(Data extracted from a collection)
══════════
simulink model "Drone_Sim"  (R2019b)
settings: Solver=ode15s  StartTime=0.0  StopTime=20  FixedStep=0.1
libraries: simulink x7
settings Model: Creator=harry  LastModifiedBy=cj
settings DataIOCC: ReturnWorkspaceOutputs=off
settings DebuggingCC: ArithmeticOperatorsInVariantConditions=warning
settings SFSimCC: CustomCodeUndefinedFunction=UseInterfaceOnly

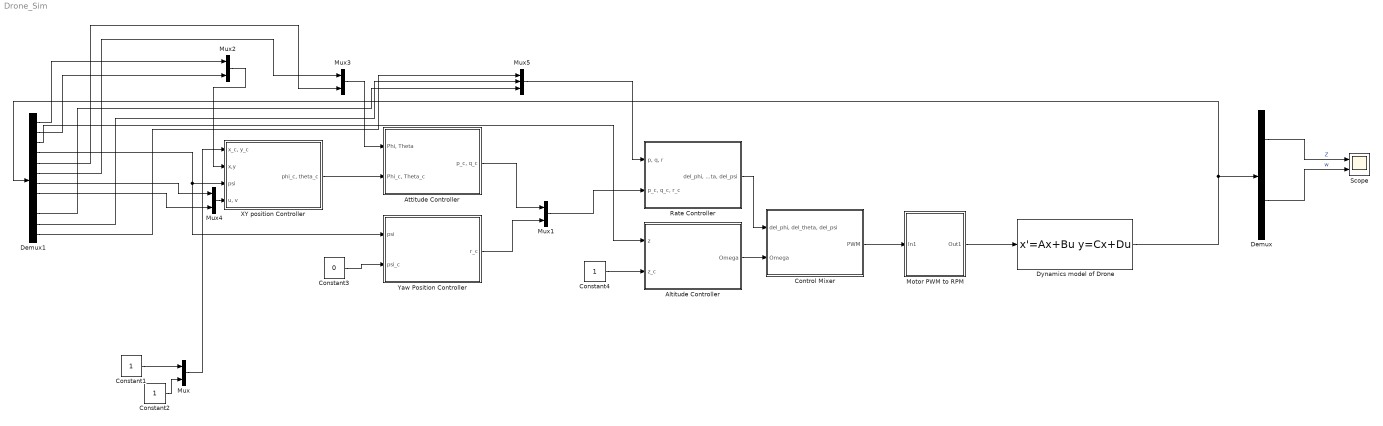
== system Drone_Sim ==
  Altitude Controller : Subsystem
  Attitude Controller : Subsystem
  Constant1 : Constant
  Constant2 : Constant
  Constant3 : Constant  Value=0
  Constant4 : Constant
  Control Mixer : Subsystem
  Demux : Demux  Outputs=12
  Demux1 : Demux  Outputs=12
  Dynamics model of Drone : StateSpace  A=[0,0,0,0,0,0,1,0,0,0,0,0;0,0,0,0,0,0,0,1,0,0,0,0;0,0,0,0,0,0,0,0,1,0,0,0;0,0,0,0,0,0,0,0,0,1,0,0;0,0,0,0,0,0,0,0,0,0,1,0;0,0,0,0,0,0,0,0,0,0,0,1;0,0,0,0,9.81000000000000,0,0,0,0,0,0,0;0,0,0,0,0,-9.81000000000000,0,0,0,0,0,0;0,0,0,0,0,0,0,0,0,0,0,0;0,0,0,0,0,0,0,0,0,0,0,0;0,0,0,0,0,0,0,0,0,0,0,0;0,0,0,0,0,0,0,0,0,0,0,0]  B=|  C=|  D=|  InitialCondition=[0,0,0,0,0,0,0,0,0,0,0,0]  ContinuousStateAttributes='X.Y.Z.Roll.PItch.Yaw.U.V.W.Roll_Rate.Pitch_Rate.Yaw_Rate'
      B=|
      | [ 0 0 0 0;
      |   0 0 0 0;
      |   0 0 0 0;
      |   0 0 0 0;
      |   0 0 0 0;
      |   0 0 0 0;
      |   0 0 0 0;
      |   0 0 0 0;    0.0002    0.0002    0.0002    0.0002;   -0.0731    0.0731   -0.0731    0.0731;   -0.1236    0.1236    0.1236   -0.1236;   -0.1272   -0.1272    0.1272    0.1272;]
      C=|
      | [1     0     0     0     0     0     0     0     0     0     0     0;
      |  0     1     0     0     0     0     0     0     0     0     0     0;
      |  0     0     1     0     0     0     0     0     0     0     0     0;
      |  0     0     0     1     0     0     0     0     0     0     0     0;
      |  0     0     0     0     1     0     0     0     0     0     0     0;
      |  0     0     0     0     0     1     0     0     0     0     0     0;
      |  0     0     0     0     0     0     1     0     0     0     0     0;
      |  0     0     0     0     0     0     0     1     0     0     0     0;
      |  0     0     0     0     0     0     0     0     1     0     0     0;
      |  0     0     0     0     0     0     0     0     0     1     0     0;
      |  0     0     0     0     0     0     0     0     0     0     1     0;
      |  0     0     0     0     0     0     0     0     0     0     0     1;]
      D=|
      | [0     0     0     0;
      |  0     0     0     0;
      |  0     0     0     0;
      |  0     0     0     0;
      |  0     0     0     0;
      |  0     0     0     0;
      |  0     0     0     0;
      |  0     0     0     0;
      |  0     0     0     0;
      |  0     0     0     0;
      |  0     0     0     0;
      |  0     0     0     0;]
  Motor PWM to RPM : Subsystem
  Mux{,1..4} (5 alike) : Mux  Inputs=2
  Mux5 : Mux  Inputs=3
  Rate Controller : Subsystem
  Scope : Scope  NumInputPorts=2
  XY position Controller : Subsystem
  "Yaw Position Controller " : Subsystem
  wires:
  Motor PWM to RPM/1(Out1) -> Dynamics model of Drone/1
  Control Mixer/1(PWM) -> Motor PWM to RPM/1(In1)
  Constant3/1 -> "Yaw Position Controller "/2(psi_c)
  Dynamics model of Drone/1 -> Demux1/1, Demux/1
  Demux/3 -> Scope/1  "Z"
  Demux/9 -> Scope/2  "w"
  Altitude Controller/1(Omega) -> Control Mixer/2(Omega)
  Rate Controller/1("del_phi, del_theta, del_psi") -> Control Mixer/1("del_phi, del_theta, del_psi")
  Attitude Controller/1("p_c, q_c") -> Mux1/1
  "Yaw Position Controller "/1(r_c) -> Mux1/2
  Mux1/1 -> Rate Controller/2("p_c, q_c, r_c")
  XY position Controller/1("phi_c, theta_c") -> Attitude Controller/2("Phi_c, Theta_c")
  Demux1/1 -> Mux2/1
  Mux2/1 -> XY position Controller/2(x,y)
  Demux1/2 -> Mux2/2
  Demux1/3 -> Altitude Controller/1(z)
  Demux1/4 -> XY position Controller/3(psi), "Yaw Position Controller "/1(psi)
  Demux1/5 -> Mux3/2
  Mux3/1 -> Attitude Controller/1("Phi, Theta")
  Demux1/6 -> Mux3/1
  Mux4/1 -> XY position Controller/4("u, v")
  Demux1/7 -> Mux4/1
  Demux1/8 -> Mux4/2
  Demux1/12 -> Mux5/1
  Demux1/11 -> Mux5/2
  Demux1/10 -> Mux5/3
  Mux5/1 -> Rate Controller/1("p, q, r")
  Mux/1 -> XY position Controller/1("x_c, y_c")
  Constant1/1 -> Mux/1
  Constant2/1 -> Mux/2
  Constant4/1 -> Altitude Controller/2(z_c)

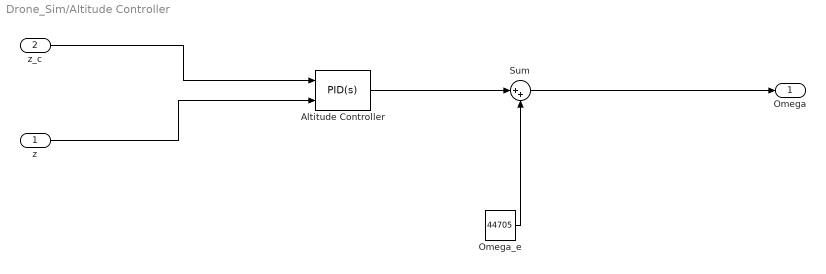
== system Drone_Sim/Altitude Controller ==
  z : Inport
  z_c : Inport  Port=2
  Altitude Controller : simulink/Continuous/PID Controller (2DOF)  Controller=PID  Form=Parallel  TimeDomain=Continuous-time  SampleTime=-1  IntegratorMethod=Forward Euler  FilterMethod=Forward Euler  ControllerParametersSource=internal  P=11000  I=3500  D=9000  UseFilter=on  N=100  b=1  c=1  TunerSelectOption=Transfer Function Based (PID Tuner App)  InitialConditionSource=internal  InitialConditionForIntegrator=0  InitialConditionForFilter=0  DifferentiatorICPrevScaledInput=0  ExternalReset=none  TrackingMode=off  Kt=1  LimitOutput=on  UpperSaturationLimit=15000  LowerSaturationLimit=-20000  LinearizeAsGain=on  AntiWindupMode=none  Kb=1  POutMin=[]  POutMax=[]  IOutMin=[]  IOutMax=[]  DOutMin=[]  DOutMax=[]  NOutMin=[]  NOutMax=[]  bOutMin=[]  bOutMax=[]  cOutMin=[]  cOutMax=[]  SumOutMin=[]  SumOutMax=[]  SaturationOutMin=[]  SaturationOutMax=[]  PParamMin=[]  PParamMax=[]  IParamMin=[]  IParamMax=[]  DParamMin=[]  DParamMax=[]  NParamMin=[]  NParamMax=[]  bParamMin=[]  bParamMax=[]  cParamMin=[]  cParamMax=[]  KbParamMin=[]  KbParamMax=[]  KtParamMin=[]  KtParamMax=[]  KbOutMin=[]  KbOutMax=[]  KtOutMin=[]  KtOutMax=[]  IntegratorOutMin=[]  IntegratorOutMax=[]  FilterOutMin=[]  FilterOutMax=[]  SumI1OutMin=[]  SumI1OutMax=[]  SumI2OutMin=[]  SumI2OutMax=[]  SumI3OutMin=[]  SumI3OutMax=[]  SumI4OutMin=[]  SumI4OutMax=[]  SumDOutMin=[]  SumDOutMax=[]  Sum1OutMin=[]  Sum1OutMax=[]  Sum2OutMin=[]  Sum2OutMax=[]  Sum3OutMin=[]  Sum3OutMax=[]  DifferentiatorOutMin=[]  DifferentiatorOutMax=[]  FilterDiffOutCoefMin=[]  FilterDiffOutCoefMax=[]  ReciprocalOutMin=[]  ReciprocalOutMax=[]  SumDenOutMin=[]  SumDenOutMax=[]  SumNumOutMin=[]  SumNumOutMax=[]  DivideOutMin=[]  DivideOutMax=[]  IntegratorContinuousStateAttributes=''  IntegratorStateMustResolveToSignalObject=off  IntegratorRTWStateStorageClass=Auto  FilterContinuousStateAttributes=''  FilterStateMustResolveToSignalObject=off  FilterRTWStateStorageClass=Auto  ParallelPVariant=InternalParameters  IdealPVariant=Disabled  IVariant=InternalParameters  DVariant=InternalParameters  bVariant=InternalParameters  cVariant=InternalParameters  IntegratorVariant=Continuous  SatVariant=Enabled  AWVariant=Passthrough  PCopyVariant=Disabled  TRVariant=Disabled  FdbkBlocksVariant=Forward  IdealPFdbkVariant=Disabled  SatFdbkVariant=Disabled  DerivativeFilterVariant=ContFilter  NVariant=InternalParameters  NCopyVariant=Disabled  FilterICVariant=InternalICsFilter  IntegratorICVariant=InternalICs  ExternalResetVariant=Disabled  TRSumVariant=Passthrough  SumFdbkVariant=Disabled  SumVariant=Sum_PID
  Omega_e : Constant  Value=44705
  Sum : Sum  Inputs=|++
  Omega : Outport  VectorParamsAs1DForOutWhenUnconnected=off
  wires:
  z/1 -> Altitude Controller/2
  z_c/1 -> Altitude Controller/1
  Sum/1 -> Omega/1
  Altitude Controller/1 -> Sum/1
  Omega_e/1 -> Sum/2

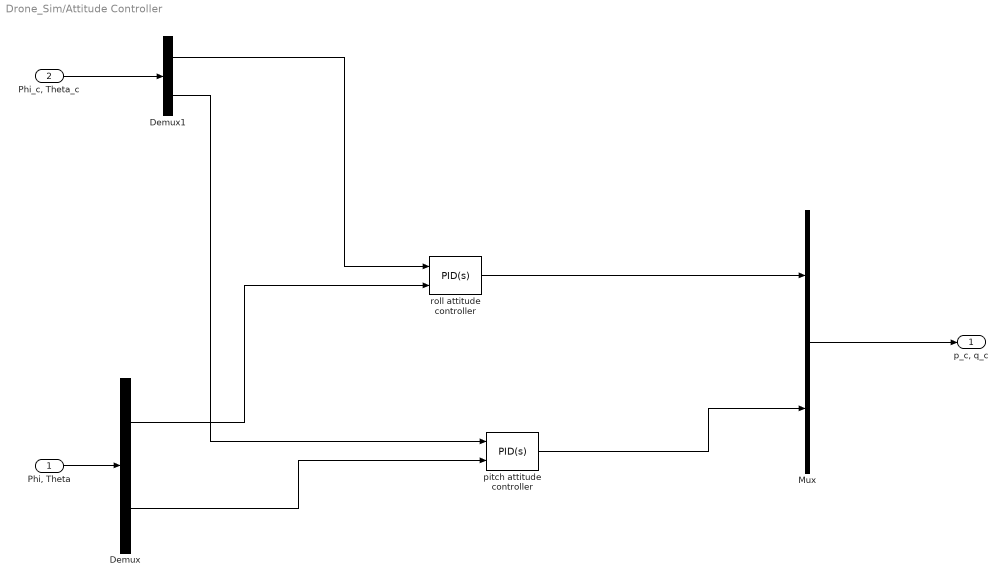
== system Drone_Sim/Attitude Controller ==
  "Phi, Theta" : Inport
  "Phi_c, Theta_c" : Inport  Port=2
  Demux : Demux  Outputs=2
  Demux1 : Demux  Outputs=2
  Mux : Mux  Inputs=2
  pitch attitude controller : simulink/Continuous/PID Controller (2DOF)  Controller=PID  Form=Parallel  TimeDomain=Continuous-time  SampleTime=-1  IntegratorMethod=Forward Euler  FilterMethod=Forward Euler  ControllerParametersSource=internal  P=3.5  I=2  D=0  UseFilter=on  N=100  b=1  c=1  TunerSelectOption=Transfer Function Based (PID Tuner App)  InitialConditionSource=internal  InitialConditionForIntegrator=0  InitialConditionForFilter=0  DifferentiatorICPrevScaledInput=0  ExternalReset=none  TrackingMode=off  Kt=1  LimitOutput=off  UpperSaturationLimit=inf  LowerSaturationLimit=-inf  LinearizeAsGain=on  AntiWindupMode=none  Kb=1  POutMin=[]  POutMax=[]  IOutMin=[]  IOutMax=[]  DOutMin=[]  DOutMax=[]  NOutMin=[]  NOutMax=[]  bOutMin=[]  bOutMax=[]  cOutMin=[]  cOutMax=[]  SumOutMin=[]  SumOutMax=[]  SaturationOutMin=[]  SaturationOutMax=[]  PParamMin=[]  PParamMax=[]  IParamMin=[]  IParamMax=[]  DParamMin=[]  DParamMax=[]  NParamMin=[]  NParamMax=[]  bParamMin=[]  bParamMax=[]  cParamMin=[]  cParamMax=[]  KbParamMin=[]  KbParamMax=[]  KtParamMin=[]  KtParamMax=[]  KbOutMin=[]  KbOutMax=[]  KtOutMin=[]  KtOutMax=[]  IntegratorOutMin=[]  IntegratorOutMax=[]  FilterOutMin=[]  FilterOutMax=[]  SumI1OutMin=[]  SumI1OutMax=[]  SumI2OutMin=[]  SumI2OutMax=[]  SumI3OutMin=[]  SumI3OutMax=[]  SumI4OutMin=[]  SumI4OutMax=[]  SumDOutMin=[]  SumDOutMax=[]  Sum1OutMin=[]  Sum1OutMax=[]  Sum2OutMin=[]  Sum2OutMax=[]  Sum3OutMin=[]  Sum3OutMax=[]  DifferentiatorOutMin=[]  DifferentiatorOutMax=[]  FilterDiffOutCoefMin=[]  FilterDiffOutCoefMax=[]  ReciprocalOutMin=[]  ReciprocalOutMax=[]  SumDenOutMin=[]  SumDenOutMax=[]  SumNumOutMin=[]  SumNumOutMax=[]  DivideOutMin=[]  DivideOutMax=[]  IntegratorContinuousStateAttributes=''  IntegratorStateMustResolveToSignalObject=off  IntegratorRTWStateStorageClass=Auto  FilterContinuousStateAttributes=''  FilterStateMustResolveToSignalObject=off  FilterRTWStateStorageClass=Auto  ParallelPVariant=InternalParameters  IdealPVariant=Disabled  IVariant=InternalParameters  DVariant=InternalParameters  bVariant=InternalParameters  cVariant=InternalParameters  IntegratorVariant=Continuous  SatVariant=Disabled  AWVariant=Passthrough  PCopyVariant=Disabled  TRVariant=Disabled  FdbkBlocksVariant=Forward  IdealPFdbkVariant=Disabled  SatFdbkVariant=Disabled  DerivativeFilterVariant=ContFilter  NVariant=InternalParameters  NCopyVariant=Disabled  FilterICVariant=InternalICsFilter  IntegratorICVariant=InternalICs  ExternalResetVariant=Disabled  TRSumVariant=Passthrough  SumFdbkVariant=Disabled  SumVariant=Sum_PID
  roll attitude controller : simulink/Continuous/PID Controller (2DOF)  Controller=PID  Form=Parallel  TimeDomain=Continuous-time  SampleTime=-1  IntegratorMethod=Forward Euler  FilterMethod=Forward Euler  ControllerParametersSource=internal  P=3.5  I=2  D=0  UseFilter=on  N=100  b=1  c=1  TunerSelectOption=Transfer Function Based (PID Tuner App)  InitialConditionSource=internal  InitialConditionForIntegrator=0  InitialConditionForFilter=0  DifferentiatorICPrevScaledInput=0  ExternalReset=none  TrackingMode=off  Kt=1  LimitOutput=off  UpperSaturationLimit=inf  LowerSaturationLimit=-inf  LinearizeAsGain=on  AntiWindupMode=none  Kb=1  POutMin=[]  POutMax=[]  IOutMin=[]  IOutMax=[]  DOutMin=[]  DOutMax=[]  NOutMin=[]  NOutMax=[]  bOutMin=[]  bOutMax=[]  cOutMin=[]  cOutMax=[]  SumOutMin=[]  SumOutMax=[]  SaturationOutMin=[]  SaturationOutMax=[]  PParamMin=[]  PParamMax=[]  IParamMin=[]  IParamMax=[]  DParamMin=[]  DParamMax=[]  NParamMin=[]  NParamMax=[]  bParamMin=[]  bParamMax=[]  cParamMin=[]  cParamMax=[]  KbParamMin=[]  KbParamMax=[]  KtParamMin=[]  KtParamMax=[]  KbOutMin=[]  KbOutMax=[]  KtOutMin=[]  KtOutMax=[]  IntegratorOutMin=[]  IntegratorOutMax=[]  FilterOutMin=[]  FilterOutMax=[]  SumI1OutMin=[]  SumI1OutMax=[]  SumI2OutMin=[]  SumI2OutMax=[]  SumI3OutMin=[]  SumI3OutMax=[]  SumI4OutMin=[]  SumI4OutMax=[]  SumDOutMin=[]  SumDOutMax=[]  Sum1OutMin=[]  Sum1OutMax=[]  Sum2OutMin=[]  Sum2OutMax=[]  Sum3OutMin=[]  Sum3OutMax=[]  DifferentiatorOutMin=[]  DifferentiatorOutMax=[]  FilterDiffOutCoefMin=[]  FilterDiffOutCoefMax=[]  ReciprocalOutMin=[]  ReciprocalOutMax=[]  SumDenOutMin=[]  SumDenOutMax=[]  SumNumOutMin=[]  SumNumOutMax=[]  DivideOutMin=[]  DivideOutMax=[]  IntegratorContinuousStateAttributes=''  IntegratorStateMustResolveToSignalObject=off  IntegratorRTWStateStorageClass=Auto  FilterContinuousStateAttributes=''  FilterStateMustResolveToSignalObject=off  FilterRTWStateStorageClass=Auto  ParallelPVariant=InternalParameters  IdealPVariant=Disabled  IVariant=InternalParameters  DVariant=InternalParameters  bVariant=InternalParameters  cVariant=InternalParameters  IntegratorVariant=Continuous  SatVariant=Disabled  AWVariant=Passthrough  PCopyVariant=Disabled  TRVariant=Disabled  FdbkBlocksVariant=Forward  IdealPFdbkVariant=Disabled  SatFdbkVariant=Disabled  DerivativeFilterVariant=ContFilter  NVariant=InternalParameters  NCopyVariant=Disabled  FilterICVariant=InternalICsFilter  IntegratorICVariant=InternalICs  ExternalResetVariant=Disabled  TRSumVariant=Passthrough  SumFdbkVariant=Disabled  SumVariant=Sum_PID
  "p_c, q_c" : Outport  VectorParamsAs1DForOutWhenUnconnected=off
  wires:
  "Phi, Theta"/1 -> Demux/1
  "Phi_c, Theta_c"/1 -> Demux1/1
  Mux/1 -> "p_c, q_c"/1
  Demux1/1 -> roll attitude controller/1
  Demux/1 -> roll attitude controller/2
  roll attitude controller/1 -> Mux/1
  Demux/2 -> pitch attitude controller/2
  Demux1/2 -> pitch attitude controller/1
  pitch attitude controller/1 -> Mux/2

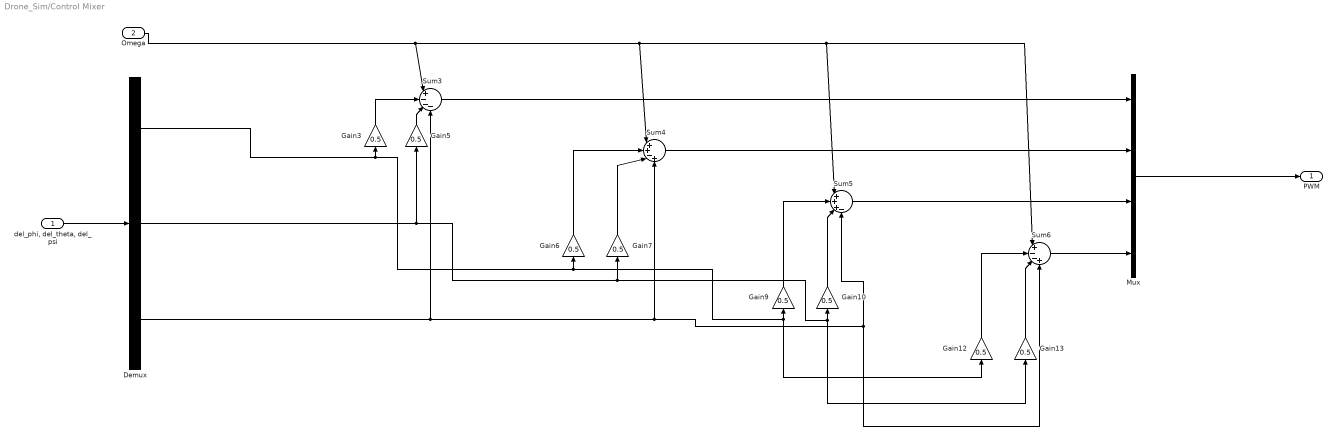
== system Drone_Sim/Control Mixer ==
  "del_phi, del_theta, del_psi" : Inport
  Omega : Inport  Port=2
  Demux : Demux  Outputs=3
  Gain{3,5..7,9..10,12..13} (8 alike) : Gain  Gain=0.5
  Mux : Mux
  Sum3 : Sum  Inputs=|+---
  Sum4 : Sum  Inputs=|++-+
  Sum5 : Sum  Inputs=|+++-
  Sum6 : Sum  Inputs=|+--+
  PWM : Outport  VectorParamsAs1DForOutWhenUnconnected=off
  wires:
  "del_phi, del_theta, del_psi"/1 -> Demux/1
  Omega/1 -> Sum6/1, Sum5/1, Sum4/1, Sum3/1
  Gain3/1 -> Sum3/2
  Sum3/1 -> Mux/1
  Gain7/1 -> Sum4/3
  Gain6/1 -> Sum4/2
  Gain10/1 -> Sum5/3
  Gain9/1 -> Sum5/2
  Sum4/1 -> Mux/2
  Sum5/1 -> Mux/3
  Gain13/1 -> Sum6/3
  Gain12/1 -> Sum6/2
  Demux/3 -> Sum3/4, Sum5/4, Sum6/4, Sum4/4
  Sum6/1 -> Mux/4
  Mux/1 -> PWM/1
  Demux/1 -> Gain9/1, Gain12/1, Gain6/1, Gain3/1
  Demux/2 -> Gain10/1, Gain13/1, Gain7/1, Gain5/1
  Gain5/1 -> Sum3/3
══════════
## BRIEF
Look through the entries and return each line that has the word "Inputs" in it.

## ANSWER FOR THIS EXERCISE
  Mux{,1..4} (5 alike) : Mux  Inputs=2
  Mux5 : Mux  Inputs=3
  Sum : Sum  Inputs=|++
  Mux : Mux  Inputs=2
  Sum3 : Sum  Inputs=|+---
  Sum4 : Sum  Inputs=|++-+
  Sum5 : Sum  Inputs=|+++-
  Sum6 : Sum  Inputs=|+--+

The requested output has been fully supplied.